Using the same data set from before as if the weights of the grains were not set by the experimenter, we would get…
cor.test(alc$Weight.of.Grains, alc$Alcohol.Percentage) # Note that you use a , instead of a ~
##
## Pearson's product-moment correlation
##
## data: alc$Weight.of.Grains and alc$Alcohol.Percentage
## t = -0.9619, df = 19, p-value = 0.3482
## alternative hypothesis: true correlation is not equal to 0
## 95 percent confidence interval:
## -0.5920971 0.2383715
## sample estimates:
## cor
## -0.2154895
…that \(r=-0.2155\) (from “cor” at the bottom of the output) and the p-value is 0.3482 (which you’ll notice is the same as the p-value from the regression). That’s it. Looking at those values we would say that there is not a significant correlation between the weight of the grains and the alcohol percentage of the beer.

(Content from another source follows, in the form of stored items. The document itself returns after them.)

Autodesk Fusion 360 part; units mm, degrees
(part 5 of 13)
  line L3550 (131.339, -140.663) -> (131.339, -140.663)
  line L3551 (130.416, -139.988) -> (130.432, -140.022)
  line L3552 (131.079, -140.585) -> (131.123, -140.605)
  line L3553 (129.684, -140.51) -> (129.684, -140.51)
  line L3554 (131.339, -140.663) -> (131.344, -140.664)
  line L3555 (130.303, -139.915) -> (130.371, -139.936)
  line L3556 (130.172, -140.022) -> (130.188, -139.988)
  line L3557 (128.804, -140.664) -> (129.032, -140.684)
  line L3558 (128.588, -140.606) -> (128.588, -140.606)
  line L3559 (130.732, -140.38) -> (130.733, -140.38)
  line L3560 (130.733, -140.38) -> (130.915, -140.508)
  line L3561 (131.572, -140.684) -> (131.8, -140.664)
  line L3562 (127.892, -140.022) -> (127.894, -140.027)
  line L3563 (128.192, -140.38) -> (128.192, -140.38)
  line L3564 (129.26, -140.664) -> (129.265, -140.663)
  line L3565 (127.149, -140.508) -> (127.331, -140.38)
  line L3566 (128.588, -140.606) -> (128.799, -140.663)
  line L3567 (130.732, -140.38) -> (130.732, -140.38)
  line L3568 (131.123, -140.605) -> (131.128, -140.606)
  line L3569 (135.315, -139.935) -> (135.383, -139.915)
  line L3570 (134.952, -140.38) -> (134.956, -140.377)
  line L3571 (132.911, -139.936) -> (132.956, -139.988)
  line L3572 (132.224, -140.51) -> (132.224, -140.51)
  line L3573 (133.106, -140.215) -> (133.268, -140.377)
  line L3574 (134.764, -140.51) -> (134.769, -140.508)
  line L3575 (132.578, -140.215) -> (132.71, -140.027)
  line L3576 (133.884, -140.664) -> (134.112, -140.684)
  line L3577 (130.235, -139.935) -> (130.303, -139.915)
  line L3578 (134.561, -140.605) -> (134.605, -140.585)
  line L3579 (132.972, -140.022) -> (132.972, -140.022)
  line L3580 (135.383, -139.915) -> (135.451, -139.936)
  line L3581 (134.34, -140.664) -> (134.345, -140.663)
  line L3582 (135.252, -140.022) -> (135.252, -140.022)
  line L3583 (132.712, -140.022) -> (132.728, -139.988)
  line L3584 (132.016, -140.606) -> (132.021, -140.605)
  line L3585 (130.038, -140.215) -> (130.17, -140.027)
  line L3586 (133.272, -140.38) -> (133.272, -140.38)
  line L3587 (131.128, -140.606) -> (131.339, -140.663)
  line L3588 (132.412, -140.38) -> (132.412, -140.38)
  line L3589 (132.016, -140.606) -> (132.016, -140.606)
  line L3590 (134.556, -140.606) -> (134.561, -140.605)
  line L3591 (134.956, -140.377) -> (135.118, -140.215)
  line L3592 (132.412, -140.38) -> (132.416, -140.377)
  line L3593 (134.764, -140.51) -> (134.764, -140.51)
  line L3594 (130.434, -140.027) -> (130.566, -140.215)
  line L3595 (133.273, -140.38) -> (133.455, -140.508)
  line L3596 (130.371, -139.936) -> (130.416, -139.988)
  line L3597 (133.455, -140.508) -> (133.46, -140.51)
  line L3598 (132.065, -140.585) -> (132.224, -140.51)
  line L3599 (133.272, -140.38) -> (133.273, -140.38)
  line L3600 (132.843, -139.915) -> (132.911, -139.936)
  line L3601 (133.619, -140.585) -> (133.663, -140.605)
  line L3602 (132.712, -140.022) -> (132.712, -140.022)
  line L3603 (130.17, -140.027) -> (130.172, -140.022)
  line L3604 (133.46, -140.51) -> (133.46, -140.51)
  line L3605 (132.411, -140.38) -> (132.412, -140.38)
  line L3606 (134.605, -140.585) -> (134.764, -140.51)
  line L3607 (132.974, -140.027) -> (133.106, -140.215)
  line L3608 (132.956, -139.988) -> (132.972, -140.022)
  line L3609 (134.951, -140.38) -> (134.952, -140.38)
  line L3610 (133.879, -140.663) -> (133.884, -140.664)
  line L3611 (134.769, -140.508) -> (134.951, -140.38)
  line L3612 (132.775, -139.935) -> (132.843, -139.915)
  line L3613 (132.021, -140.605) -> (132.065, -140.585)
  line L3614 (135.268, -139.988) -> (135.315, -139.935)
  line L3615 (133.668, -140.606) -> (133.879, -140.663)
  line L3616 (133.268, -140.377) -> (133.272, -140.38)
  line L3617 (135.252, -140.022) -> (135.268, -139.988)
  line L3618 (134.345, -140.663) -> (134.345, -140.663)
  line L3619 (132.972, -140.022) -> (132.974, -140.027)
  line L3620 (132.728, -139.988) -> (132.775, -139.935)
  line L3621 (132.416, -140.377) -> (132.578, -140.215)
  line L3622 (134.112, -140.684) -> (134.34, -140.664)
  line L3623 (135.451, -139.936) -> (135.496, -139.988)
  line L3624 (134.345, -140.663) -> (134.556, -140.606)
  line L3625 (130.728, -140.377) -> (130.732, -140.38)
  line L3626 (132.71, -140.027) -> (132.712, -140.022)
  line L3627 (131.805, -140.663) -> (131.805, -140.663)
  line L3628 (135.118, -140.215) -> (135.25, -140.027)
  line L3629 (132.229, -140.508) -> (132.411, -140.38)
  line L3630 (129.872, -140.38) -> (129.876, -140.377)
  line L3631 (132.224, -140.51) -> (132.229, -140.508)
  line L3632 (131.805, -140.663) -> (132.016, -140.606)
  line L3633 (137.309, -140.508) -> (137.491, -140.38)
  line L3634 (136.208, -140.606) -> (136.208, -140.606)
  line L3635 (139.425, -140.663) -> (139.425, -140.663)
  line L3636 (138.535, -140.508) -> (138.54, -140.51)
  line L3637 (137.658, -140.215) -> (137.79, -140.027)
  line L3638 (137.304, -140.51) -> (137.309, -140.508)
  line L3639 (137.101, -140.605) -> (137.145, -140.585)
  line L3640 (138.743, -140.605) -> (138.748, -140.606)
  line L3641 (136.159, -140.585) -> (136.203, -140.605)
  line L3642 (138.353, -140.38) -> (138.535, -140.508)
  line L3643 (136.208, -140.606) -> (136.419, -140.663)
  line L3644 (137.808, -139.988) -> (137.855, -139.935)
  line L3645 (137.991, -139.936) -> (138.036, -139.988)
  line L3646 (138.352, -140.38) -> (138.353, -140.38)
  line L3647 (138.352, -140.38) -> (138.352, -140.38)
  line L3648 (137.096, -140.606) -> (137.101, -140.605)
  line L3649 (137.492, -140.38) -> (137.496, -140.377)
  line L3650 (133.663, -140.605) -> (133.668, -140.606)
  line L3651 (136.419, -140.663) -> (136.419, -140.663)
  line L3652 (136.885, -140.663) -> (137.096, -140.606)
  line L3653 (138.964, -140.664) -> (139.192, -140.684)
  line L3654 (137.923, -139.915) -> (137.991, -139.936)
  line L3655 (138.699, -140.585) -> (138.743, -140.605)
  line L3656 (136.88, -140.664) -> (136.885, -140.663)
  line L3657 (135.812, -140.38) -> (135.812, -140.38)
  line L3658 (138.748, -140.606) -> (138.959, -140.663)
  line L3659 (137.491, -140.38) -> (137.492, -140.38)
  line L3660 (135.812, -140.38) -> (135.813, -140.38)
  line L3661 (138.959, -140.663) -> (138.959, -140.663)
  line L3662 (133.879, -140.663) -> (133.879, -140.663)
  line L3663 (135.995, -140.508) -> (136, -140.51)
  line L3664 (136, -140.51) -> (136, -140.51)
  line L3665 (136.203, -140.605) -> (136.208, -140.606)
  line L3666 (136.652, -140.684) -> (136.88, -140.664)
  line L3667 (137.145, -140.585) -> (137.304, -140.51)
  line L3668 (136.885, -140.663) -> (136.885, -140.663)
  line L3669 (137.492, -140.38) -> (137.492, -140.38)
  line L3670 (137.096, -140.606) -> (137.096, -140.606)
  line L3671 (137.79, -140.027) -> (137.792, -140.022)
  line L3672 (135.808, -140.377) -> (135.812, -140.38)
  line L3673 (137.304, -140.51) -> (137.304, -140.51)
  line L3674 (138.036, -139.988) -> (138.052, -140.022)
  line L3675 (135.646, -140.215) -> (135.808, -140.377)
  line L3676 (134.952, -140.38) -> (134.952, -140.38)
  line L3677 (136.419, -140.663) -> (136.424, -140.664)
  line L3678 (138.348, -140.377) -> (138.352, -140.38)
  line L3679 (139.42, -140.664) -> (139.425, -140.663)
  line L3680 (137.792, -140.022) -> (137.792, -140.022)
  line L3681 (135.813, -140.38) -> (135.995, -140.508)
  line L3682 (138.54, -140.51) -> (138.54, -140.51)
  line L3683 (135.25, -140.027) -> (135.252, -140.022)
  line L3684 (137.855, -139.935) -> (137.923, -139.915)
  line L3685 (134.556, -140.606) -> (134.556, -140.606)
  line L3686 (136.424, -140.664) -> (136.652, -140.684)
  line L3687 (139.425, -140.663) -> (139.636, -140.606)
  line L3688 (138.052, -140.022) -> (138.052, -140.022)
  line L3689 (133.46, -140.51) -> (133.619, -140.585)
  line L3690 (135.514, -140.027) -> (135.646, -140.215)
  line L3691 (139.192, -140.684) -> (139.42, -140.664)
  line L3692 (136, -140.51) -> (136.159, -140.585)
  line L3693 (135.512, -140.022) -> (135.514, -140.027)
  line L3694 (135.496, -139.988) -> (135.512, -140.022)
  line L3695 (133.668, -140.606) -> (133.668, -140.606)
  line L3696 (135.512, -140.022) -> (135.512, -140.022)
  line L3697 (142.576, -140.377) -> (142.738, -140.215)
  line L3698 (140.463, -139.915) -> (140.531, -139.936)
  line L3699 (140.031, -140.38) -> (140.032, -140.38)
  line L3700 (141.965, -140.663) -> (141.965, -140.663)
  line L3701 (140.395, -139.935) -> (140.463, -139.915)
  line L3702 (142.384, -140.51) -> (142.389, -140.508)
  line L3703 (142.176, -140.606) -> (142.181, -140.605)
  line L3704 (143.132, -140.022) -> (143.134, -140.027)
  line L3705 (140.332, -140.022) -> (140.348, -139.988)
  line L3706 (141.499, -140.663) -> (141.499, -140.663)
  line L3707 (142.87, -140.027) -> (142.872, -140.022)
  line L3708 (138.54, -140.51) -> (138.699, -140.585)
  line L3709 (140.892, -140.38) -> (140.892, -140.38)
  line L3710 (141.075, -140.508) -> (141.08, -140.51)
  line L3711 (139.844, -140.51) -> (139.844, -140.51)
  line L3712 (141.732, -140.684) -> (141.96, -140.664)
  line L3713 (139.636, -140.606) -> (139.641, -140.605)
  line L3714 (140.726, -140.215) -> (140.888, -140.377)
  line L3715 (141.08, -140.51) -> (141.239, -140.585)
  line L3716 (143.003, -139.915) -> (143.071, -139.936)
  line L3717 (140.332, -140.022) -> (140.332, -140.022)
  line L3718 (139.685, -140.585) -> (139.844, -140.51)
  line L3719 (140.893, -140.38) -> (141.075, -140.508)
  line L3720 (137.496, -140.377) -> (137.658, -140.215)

Note that we use a slightly different format here. Rather than using cor.test(data$y~data$x), we use cor.test(data$x, data$y). You must remember that the order of x and y change depending on whether you’re using the comma or the tilde. There are times when this matters more than others. When doing correlations, x and y don’t really mean much since neither variable are technically independent or dependent. I’ve only chosen to keep Weight of Grains on the x to be consistent with the previous problem (and because it makes more logical sense), but switching the variables would give us the same results.